● Exercise data

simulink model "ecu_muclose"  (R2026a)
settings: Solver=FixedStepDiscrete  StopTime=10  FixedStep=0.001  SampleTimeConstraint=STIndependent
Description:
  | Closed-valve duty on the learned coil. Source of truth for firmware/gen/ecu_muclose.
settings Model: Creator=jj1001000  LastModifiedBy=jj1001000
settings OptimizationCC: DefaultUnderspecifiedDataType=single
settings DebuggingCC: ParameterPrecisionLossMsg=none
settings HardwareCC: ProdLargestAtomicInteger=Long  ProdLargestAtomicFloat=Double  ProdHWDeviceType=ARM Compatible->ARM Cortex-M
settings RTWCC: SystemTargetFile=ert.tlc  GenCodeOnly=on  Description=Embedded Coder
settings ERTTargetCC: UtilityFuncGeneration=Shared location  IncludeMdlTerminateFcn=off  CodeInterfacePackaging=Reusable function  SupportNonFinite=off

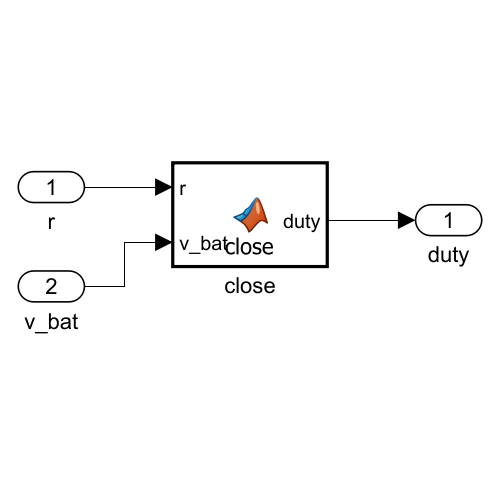
[thumbnail: Simulink's stored preview of the top-level diagram]
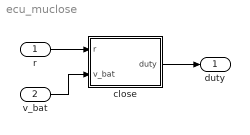
== system ecu_muclose ==
  r : Inport  OutDataTypeStr=single
  v_bat : Inport  Port=2  OutDataTypeStr=single
  close : MATLAB Function  TreatAsAtomicUnit=on
  duty : Outport  OutDataTypeStr=single
  wires:
  close/1(duty) -> duty/1
  v_bat/1 -> close/2(v_bat)
  r/1 -> close/1(r)

== matlab function ecu_muclose/close ==
  data: r input single; duty output single; v_bat input single
function duty = close(r, v_bat)
%#codegen
rc = r;
if rc < single(1.85000002)
    rc = single(1.85000002);
elseif rc > single(6.90999985)
    rc = single(6.90999985);
end
c = single(1) * (rc / single(3.75));
if v_bat >= single(6) && v_bat <= single(18)
    vb = v_bat;
else
    vb = single(13.5);
end
duty = c * (single(6.75) / vb);
if duty < single(0)
    duty = single(0);
elseif duty > single(1)
    duty = single(1);
end

● Task objective
Locate all lines in the listing above with the word "elseif". Copy them.

● Worked solution
elseif rc > single(6.90999985)
elseif duty > single(1)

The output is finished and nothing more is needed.